Using the entries that follow, write out the line containing "Product/1 -> [Ppv]", the line containing "[Ipv] -> Mean5/1", and every line between them, exactly and nothing else.

———

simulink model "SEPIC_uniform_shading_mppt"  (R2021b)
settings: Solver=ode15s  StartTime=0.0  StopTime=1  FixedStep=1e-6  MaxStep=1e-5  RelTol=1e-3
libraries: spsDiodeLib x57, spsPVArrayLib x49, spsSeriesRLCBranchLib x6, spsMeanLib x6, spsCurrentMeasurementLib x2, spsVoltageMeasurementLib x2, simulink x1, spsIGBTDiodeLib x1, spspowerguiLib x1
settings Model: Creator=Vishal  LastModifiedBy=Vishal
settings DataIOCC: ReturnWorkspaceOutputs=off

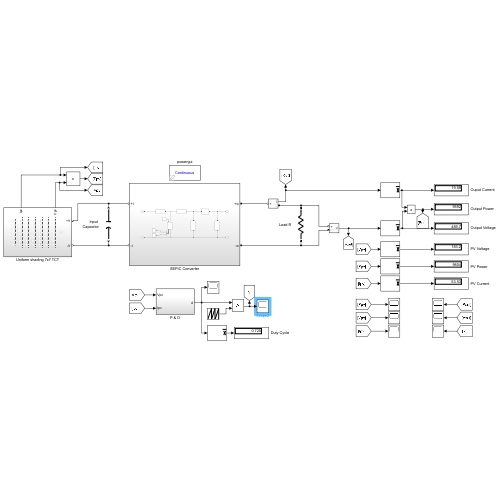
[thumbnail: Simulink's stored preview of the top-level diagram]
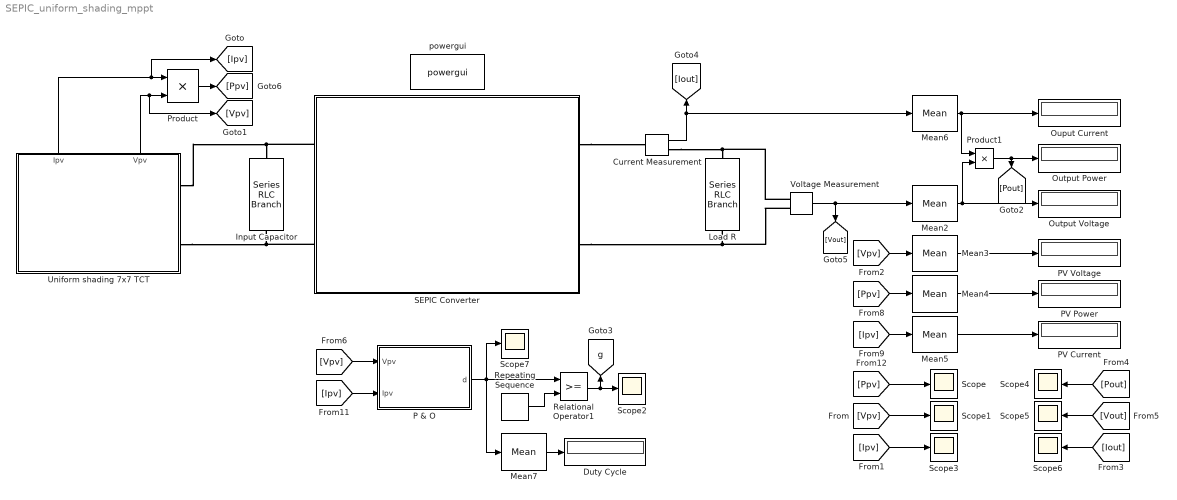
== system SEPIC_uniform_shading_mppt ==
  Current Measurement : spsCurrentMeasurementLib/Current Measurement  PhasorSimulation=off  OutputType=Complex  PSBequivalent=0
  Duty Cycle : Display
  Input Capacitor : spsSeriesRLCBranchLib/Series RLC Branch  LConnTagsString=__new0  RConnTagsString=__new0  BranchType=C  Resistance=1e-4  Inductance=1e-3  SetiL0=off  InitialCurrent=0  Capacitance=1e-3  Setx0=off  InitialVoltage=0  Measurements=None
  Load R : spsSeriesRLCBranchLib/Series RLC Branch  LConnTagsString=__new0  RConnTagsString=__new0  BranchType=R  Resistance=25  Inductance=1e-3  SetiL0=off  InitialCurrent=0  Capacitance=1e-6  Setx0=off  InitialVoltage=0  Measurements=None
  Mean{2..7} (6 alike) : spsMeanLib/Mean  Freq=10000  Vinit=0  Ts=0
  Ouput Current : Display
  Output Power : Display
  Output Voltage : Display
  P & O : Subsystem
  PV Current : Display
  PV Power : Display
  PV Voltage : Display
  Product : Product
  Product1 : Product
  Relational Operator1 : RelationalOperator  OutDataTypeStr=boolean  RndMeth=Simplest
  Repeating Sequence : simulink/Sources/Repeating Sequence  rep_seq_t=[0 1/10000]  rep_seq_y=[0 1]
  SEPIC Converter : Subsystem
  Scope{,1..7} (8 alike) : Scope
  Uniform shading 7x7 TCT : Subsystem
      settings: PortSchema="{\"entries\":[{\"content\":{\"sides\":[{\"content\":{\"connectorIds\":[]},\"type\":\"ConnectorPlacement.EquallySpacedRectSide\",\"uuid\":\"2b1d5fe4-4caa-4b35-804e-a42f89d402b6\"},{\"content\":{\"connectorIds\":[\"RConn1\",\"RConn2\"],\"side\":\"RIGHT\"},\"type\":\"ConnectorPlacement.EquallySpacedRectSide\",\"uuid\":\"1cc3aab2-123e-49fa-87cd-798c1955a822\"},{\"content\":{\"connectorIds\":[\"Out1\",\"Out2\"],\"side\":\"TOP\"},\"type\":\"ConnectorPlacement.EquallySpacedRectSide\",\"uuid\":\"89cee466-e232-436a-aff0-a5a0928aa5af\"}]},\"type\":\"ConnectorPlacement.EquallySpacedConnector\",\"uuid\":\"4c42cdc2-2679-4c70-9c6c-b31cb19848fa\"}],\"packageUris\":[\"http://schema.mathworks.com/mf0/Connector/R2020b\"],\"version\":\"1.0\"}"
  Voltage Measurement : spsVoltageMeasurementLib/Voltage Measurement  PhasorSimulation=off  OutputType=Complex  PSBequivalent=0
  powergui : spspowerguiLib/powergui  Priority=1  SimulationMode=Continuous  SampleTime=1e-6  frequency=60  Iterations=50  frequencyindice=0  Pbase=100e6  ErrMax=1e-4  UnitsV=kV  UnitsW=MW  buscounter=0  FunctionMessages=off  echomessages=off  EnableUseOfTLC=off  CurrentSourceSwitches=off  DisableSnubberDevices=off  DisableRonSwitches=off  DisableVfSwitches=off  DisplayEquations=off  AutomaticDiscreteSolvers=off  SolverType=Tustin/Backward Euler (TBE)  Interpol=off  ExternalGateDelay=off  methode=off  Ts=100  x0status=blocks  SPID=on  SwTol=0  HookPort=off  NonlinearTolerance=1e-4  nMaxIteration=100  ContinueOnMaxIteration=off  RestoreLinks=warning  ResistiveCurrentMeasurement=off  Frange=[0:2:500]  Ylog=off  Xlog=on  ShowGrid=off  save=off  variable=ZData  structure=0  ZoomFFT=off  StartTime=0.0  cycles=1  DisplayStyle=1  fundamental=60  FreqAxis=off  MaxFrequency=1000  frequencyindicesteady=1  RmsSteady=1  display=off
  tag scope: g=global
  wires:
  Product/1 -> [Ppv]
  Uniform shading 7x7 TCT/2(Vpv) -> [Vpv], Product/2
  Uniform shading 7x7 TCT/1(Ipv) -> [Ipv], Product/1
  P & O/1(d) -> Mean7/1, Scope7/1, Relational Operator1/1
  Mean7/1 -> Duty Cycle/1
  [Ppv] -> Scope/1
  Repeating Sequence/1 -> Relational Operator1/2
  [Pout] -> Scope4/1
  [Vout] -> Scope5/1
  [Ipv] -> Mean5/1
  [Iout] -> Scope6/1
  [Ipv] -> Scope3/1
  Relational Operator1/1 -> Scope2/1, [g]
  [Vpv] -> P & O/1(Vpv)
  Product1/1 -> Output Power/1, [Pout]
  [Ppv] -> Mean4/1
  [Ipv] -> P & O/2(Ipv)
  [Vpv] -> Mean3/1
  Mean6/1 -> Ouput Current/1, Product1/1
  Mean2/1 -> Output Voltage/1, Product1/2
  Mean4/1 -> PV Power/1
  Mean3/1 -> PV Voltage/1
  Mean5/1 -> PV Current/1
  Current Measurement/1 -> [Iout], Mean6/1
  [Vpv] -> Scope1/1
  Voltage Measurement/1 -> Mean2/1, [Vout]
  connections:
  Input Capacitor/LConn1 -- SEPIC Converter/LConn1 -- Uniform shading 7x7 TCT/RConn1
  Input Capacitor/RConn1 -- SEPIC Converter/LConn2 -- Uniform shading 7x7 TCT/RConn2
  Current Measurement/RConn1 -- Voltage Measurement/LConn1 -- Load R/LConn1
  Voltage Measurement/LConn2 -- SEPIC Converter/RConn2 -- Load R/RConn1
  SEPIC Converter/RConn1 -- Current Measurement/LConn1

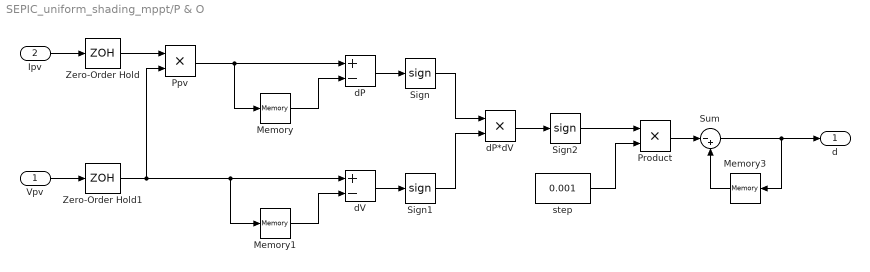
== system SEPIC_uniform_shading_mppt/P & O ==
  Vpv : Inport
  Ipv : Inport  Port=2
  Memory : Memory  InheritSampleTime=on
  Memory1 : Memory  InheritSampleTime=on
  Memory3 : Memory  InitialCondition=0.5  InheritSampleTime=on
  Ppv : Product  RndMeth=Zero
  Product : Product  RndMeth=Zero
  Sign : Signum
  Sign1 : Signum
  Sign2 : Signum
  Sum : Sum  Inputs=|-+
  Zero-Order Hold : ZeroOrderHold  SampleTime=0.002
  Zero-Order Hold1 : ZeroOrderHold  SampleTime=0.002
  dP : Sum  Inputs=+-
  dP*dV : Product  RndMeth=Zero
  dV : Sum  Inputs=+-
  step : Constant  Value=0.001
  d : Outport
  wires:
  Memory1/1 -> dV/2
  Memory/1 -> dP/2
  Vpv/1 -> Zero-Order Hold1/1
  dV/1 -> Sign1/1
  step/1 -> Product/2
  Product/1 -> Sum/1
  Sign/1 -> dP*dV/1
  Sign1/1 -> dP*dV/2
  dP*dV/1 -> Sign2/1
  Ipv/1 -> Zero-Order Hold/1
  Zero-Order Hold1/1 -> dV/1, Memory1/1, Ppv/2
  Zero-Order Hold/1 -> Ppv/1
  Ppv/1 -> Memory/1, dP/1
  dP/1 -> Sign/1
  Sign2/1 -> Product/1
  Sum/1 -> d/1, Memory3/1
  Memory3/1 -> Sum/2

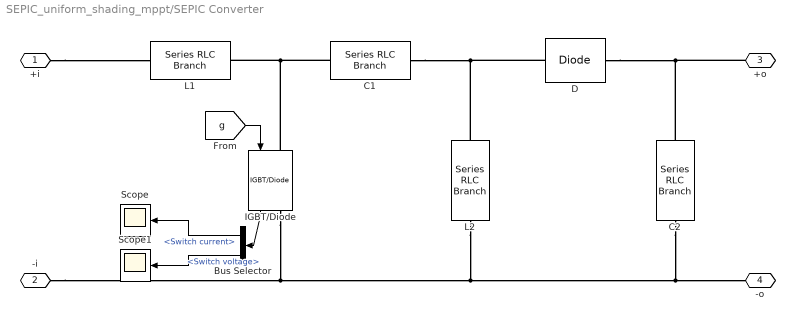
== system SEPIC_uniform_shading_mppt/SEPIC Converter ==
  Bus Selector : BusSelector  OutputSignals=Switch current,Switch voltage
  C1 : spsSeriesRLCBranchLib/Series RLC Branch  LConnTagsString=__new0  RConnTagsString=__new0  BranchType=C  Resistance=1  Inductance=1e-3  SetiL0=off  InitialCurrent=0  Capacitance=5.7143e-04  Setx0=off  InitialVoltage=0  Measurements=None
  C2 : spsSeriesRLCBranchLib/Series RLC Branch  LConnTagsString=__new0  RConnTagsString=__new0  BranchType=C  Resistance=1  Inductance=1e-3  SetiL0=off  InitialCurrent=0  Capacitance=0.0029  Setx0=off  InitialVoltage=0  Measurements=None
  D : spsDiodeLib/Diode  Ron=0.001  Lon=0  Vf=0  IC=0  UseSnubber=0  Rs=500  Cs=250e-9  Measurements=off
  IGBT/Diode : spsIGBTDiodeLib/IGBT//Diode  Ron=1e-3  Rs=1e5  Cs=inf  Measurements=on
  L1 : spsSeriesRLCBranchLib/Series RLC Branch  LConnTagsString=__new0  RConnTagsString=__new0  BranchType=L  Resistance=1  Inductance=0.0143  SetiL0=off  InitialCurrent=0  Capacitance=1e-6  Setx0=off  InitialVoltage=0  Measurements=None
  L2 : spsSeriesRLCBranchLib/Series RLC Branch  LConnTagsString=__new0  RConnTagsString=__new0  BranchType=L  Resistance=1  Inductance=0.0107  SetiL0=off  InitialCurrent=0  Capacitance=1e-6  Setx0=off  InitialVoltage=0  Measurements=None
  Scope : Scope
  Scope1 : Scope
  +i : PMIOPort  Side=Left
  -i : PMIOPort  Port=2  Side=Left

———

» **Reply**
  Product/1 -> [Ppv]
  Uniform shading 7x7 TCT/2(Vpv) -> [Vpv], Product/2
  Uniform shading 7x7 TCT/1(Ipv) -> [Ipv], Product/1
  P & O/1(d) -> Mean7/1, Scope7/1, Relational Operator1/1
  Mean7/1 -> Duty Cycle/1
  [Ppv] -> Scope/1
  Repeating Sequence/1 -> Relational Operator1/2
  [Pout] -> Scope4/1
  [Vout] -> Scope5/1
  [Ipv] -> Mean5/1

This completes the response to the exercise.